The approaches we have discussed so far are all essentially batch in nature. This gives great flexibility in the queries, but computing results requires a lot of resources. Another approach is to process the event stream as it comes in, aggregating relevant statistics in a way which can later be queried. Results will always be based on the most recent data. This can naturally be combined with clustering to scale the performance.
One issue here is how to make the results of the computation queryable. This usually means that you need some (scalable) storage on the side where you put the results, which adds to the complexity of the installation.
Complex Event Processing (CEP)
CEP is not a performance technique per se but rather a SQL-like query language for streams, which makes it easier for you to work with these systems, as the actor based concurrency model which you find in Storm or others takes a bit of getting used to. Such systems are usually in-memory, and don’t necessarily provide clustering.
I’m also listing this here because CEP systems predate the current Big Data hype.
On the other hand, CEP systems have problems aggregating information over very large spaces. They work best for aggregating a number of key statistics (up to a few hundred) from massive event streams.
So far, all the techniques focus on improving performance through parallelization, using faster storage, or precomputing queries in a streaming fashion. But all these methods don’t touch the original counting task.
Approximate algorithms change that by not giving exact results but trading accuracy for resource usage. I’ve already blogged a lot about stream mining algorithms which do exactly that. Count-min sketches, for example, compute approximate counts using hashing techniques and are able to approximate counts for millions of objects using only very little memory. Moreover, as you supply more memory, results become more exact. These systems are usually in-memory, and also don’t necessarily provide clustering.
The downside here is, of course, that results are no longer exact, which might be either be perfectly ok (e.g. trending topcis) or a dealbreaker (e.g. billing).
Approximate Algorithms are also not strictly restricted to stream processing approaches, you can also use them in a batch fashion to run on data. For example, Klout has a collection of user defined functions to use with Hadoop.
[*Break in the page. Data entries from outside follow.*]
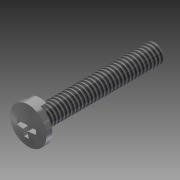
# Autodesk Inventor part: Prop Screw
Saved by Autodesk Inventor 2013 (Build 170138000, 138)
## iProperties
Created: 2014-08-02
Part Number: Prop Screw
Material: Stainless Steel
Document SubType Name: Modeling
Designer: Kyle
Density: 1 g/cm^3
Author: Kyle
Autodesk Inventor part; units mm, degrees
ref_plane "YZ Plane" through (0, 0, 0) normal (1, 0, 0) x (0, 1, 0)
ref_plane "XZ Plane" through (0, 0, 0) normal (0, 1, 0) x (-1, 0, 0)
sketch "Sketch1" plane through (0, 0, 0) normal (0, 0, 1) x (1, 0, 0)
  circle A0 centre (0, 0) radius 1.9685
  dimension "d0" = 3.937
  constraints: 1 centre point, 1 coincident
  measures "d0" diameter of A0
sketch "Sketch1 outline for Extrusion1" plane through (0, 0, 0) normal (0, 0, 1) x (1, 0, 0)
  circle A0 centre (0, 0) radius 1.9685
extrude "Extrusion1" add sketch "Sketch1 outline for Extrusion1" along normal blind 24.765
sketch "Sketch2" plane through (0, 0, 24.765) normal (0, 0, 1) x (1, 0, 0)
  circle A0 centre (0, 0) radius 1.9685
  line L0 (-1.397, 3.68081) -> (-1.397, 1.386861)
  line L1 (1.397, 3.68081) -> (1.397, 1.386861)
  line L2 (1.397, -3.68081) -> (1.397, -1.386861)
  line L3 (-1.397, -3.68081) -> (-1.397, -1.386861)
  arc A1 (1.397, 3.68081) -> (-1.397, 3.68081) centre (0, 0) ccw
  arc A2 (-1.397, -3.68081) -> (1.397, -3.68081) centre (0, 0) ccw
  arc A3 (-1.397, 1.386861) -> (-1.397, -1.386861) centre (0, 0) ccw
  arc A4 (1.397, -1.386861) -> (1.397, 1.386861) centre (0, 0) ccw
  point P0 (0, 1.9685)
  point P1 (0, -1.9685)
  point P2 (1.397, 1.9685)
  point P3 (-1.397, 1.9685)
  point P4 (1.397, -1.9685)
  point P5 (-1.397, -1.9685)
  dimension "d6" = 1.397
  dimension "d7" = 1.397
  dimension "d8" = 1.397
  dimension "d9" = 1.397
  constraints: 14 point on circle, 8 end point, 4 centre point, 3 equal length, 2 coincident, 1 vertical
  measures "d6" distance of point (1.397, 1.969) A0.start
  measures "d7" distance of point (-1.397, 1.969) A0.start
  measures "d8" distance of point (1.397, -1.969) A0.end
  measures "d9" distance of point (-1.397, -1.969) A0.end
sketch "Sketch2 outline for Extrusion2" plane through (0, 0, 24.765) normal (0, 0, 1) x (1, 0, 0)
  arc A0 (1.397, 3.68081) -> (-1.397, 3.68081) centre (0, 0) ccw
  line L0 (-1.397, 3.68081) -> (-1.397, 1.386861)
  arc A1 (-1.397, 1.386861) -> (-1.397, -1.386861) centre (0, 0) ccw
  line L1 (-1.397, -1.386861) -> (-1.397, -3.68081)
  arc A2 (-1.397, -3.68081) -> (1.397, -3.68081) centre (0, 0) ccw
  line L2 (1.397, -3.68081) -> (1.397, -1.386861)
  arc A3 (1.397, -1.386861) -> (1.397, 1.386861) centre (0, 0) ccw
  line L3 (1.397, 1.386861) -> (1.397, 3.68081)
extrude "Extrusion2" add sketch "Sketch2 outline for Extrusion2" along normal blind 1.27
sketch "Sketch3" plane through (0, 0, 26.035) normal (0, 0, 1) x (1, 0, 0)
  arc A0 (1.397, 3.68081) -> (-1.397, 3.68081) centre (0, 0) ccw
  circle A1 centre (0, 0) radius 3.937
  constraints: 1 centre point, 1 coincident
sketch "Sketch3 outline for Extrusion3" plane through (0, 0, 26.035) normal (0, 0, 1) x (1, 0, 0)
  circle A0 centre (0, 0) radius 3.937
extrude "Extrusion3" add sketch "Sketch3 outline for Extrusion3" along normal blind 1.27
ref_plane "Work Plane1" through (0, 0, 28.067) normal (0, 0, 1) x (1, 0, 0)
sketch "Sketch4" plane through (0, 0, 28.067) normal (0, 0, 1) x (1, 0, 0)
  circle A0 centre (0, 0) radius 0.127
  dimension "d15" = 0.254
  constraints: 1 centre point, 1 coincident
  measures "d15" diameter of A0
sketch "Sketch4 outline for Loft1" plane through (0, 0, 28.067) normal (0, 0, 1) x (1, 0, 0)
  circle A0 centre (0, 0) radius 0.127
loft "Loft1" add profiles "Sketch4 outline for Loft1" section 2 edges at (-3.937, 0, 27.305)
sketch "Sketch5" plane through (0, 0, 28.067) normal (0, 0, 1) x (1, 0, 0)
  circle A0 centre (0, 0) radius 0.127 projected
  line L0 (-0.508, 2.032) -> (0.508, 2.032)
  line L1 (0.508, 2.032) -> (0.508, 0.508)
  line L2 (0.508, 0.508) -> (2.032, 0.508)
  line L3 (2.032, 0.508) -> (2.032, -0.508)
  line L4 (2.032, -0.508) -> (0.508, -0.508)
  line L5 (0.508, -0.508) -> (0.508, -2.032)
  line L6 (0.508, -2.032) -> (-0.508, -2.032)
  line L7 (-0.508, -2.032) -> (-0.508, -0.508)
  line L8 (-0.508, -0.508) -> (-2.032, -0.508)
  line L9 (-2.032, -0.508) -> (-2.032, 0.508)
  line L10 (-2.032, 0.508) -> (-0.508, 0.508)
  line L11 (-0.508, 0.508) -> (-0.508, 2.032)
  dimension "d22" = 0.508
  dimension "d23" = 0.508
  dimension "d24" = 0.508
  dimension "d25" = 0.508
  dimension "d26" = 2.032
  dimension "d27" = 2.032
  dimension "d28" = 2.032
  dimension "d29" = 2.032
  dimension "d30" = 2.032
  dimension "d31" = 2.032
  dimension "d32" = 2.032
  dimension "d33" = 2.032
  constraints: 24 end point, 9 parallel, 1 collinear, 1 perpendicular
  measures "d22" horizontal distance of L1.end A0.centre
  measures "d23" horizontal distance of L1.end A0.centre
  measures "d24" horizontal distance of L7.end A0.centre
  measures "d25" horizontal distance of L7.end A0.centre
  measures "d26" horizontal distance of L2.end A0.centre
  measures "d27" horizontal distance of L3.end A0.centre
  measures "d28" vertical distance of L5.end A0.centre
  measures "d29" vertical distance of L6.end A0.centre
  measures "d30" horizontal distance of A0.centre L8.end
  measures "d31" horizontal distance of A0.centre L9.end
  measures "d32" vertical distance of A0.centre L0.start
  measures "d33" vertical distance of A0.centre L0.end
sketch "Sketch5 outline for Extrusion4" plane through (0, 0, 28.067) normal (0, 0, 1) x (1, 0, 0)
  line L0 (2.032, 0.508) -> (0.508, 0.508)
  line L1 (2.032, -0.508) -> (2.032, 0.508)
  line L2 (0.508, -0.508) -> (2.032, -0.508)
  line L3 (0.508, -2.032) -> (0.508, -0.508)
  line L4 (-0.508, -2.032) -> (0.508, -2.032)
  line L5 (-0.508, -0.508) -> (-0.508, -2.032)
  line L6 (-2.032, -0.508) -> (-0.508, -0.508)
  line L7 (-2.032, 0.508) -> (-2.032, -0.508)
  line L8 (-0.508, 0.508) -> (-2.032, 0.508)
  line L9 (-0.508, 2.032) -> (-0.508, 0.508)
  line L10 (0.508, 2.032) -> (-0.508, 2.032)
  line L11 (0.508, 0.508) -> (0.508, 2.032)
extrude "Extrusion4" cut sketch "Sketch5 outline for Extrusion4" against normal blind 1.27
thread "Thread1" size "6-32 UNC" class "2A" standard "ANSI Unified Screw Threads" full length
body "Solid1"

What it says on the box vs. what’s inside the box
Real-time Big Data is an important topic which generates quite a lot of buzz right now. But on closer inspection, there are many different approaches which all have different characteristics when it comes to cost, scalability, latency, and exactness. I think these differences are important when it comes to deciding which solution is the best fit for your specific application, so it’s good to be aware of the differences.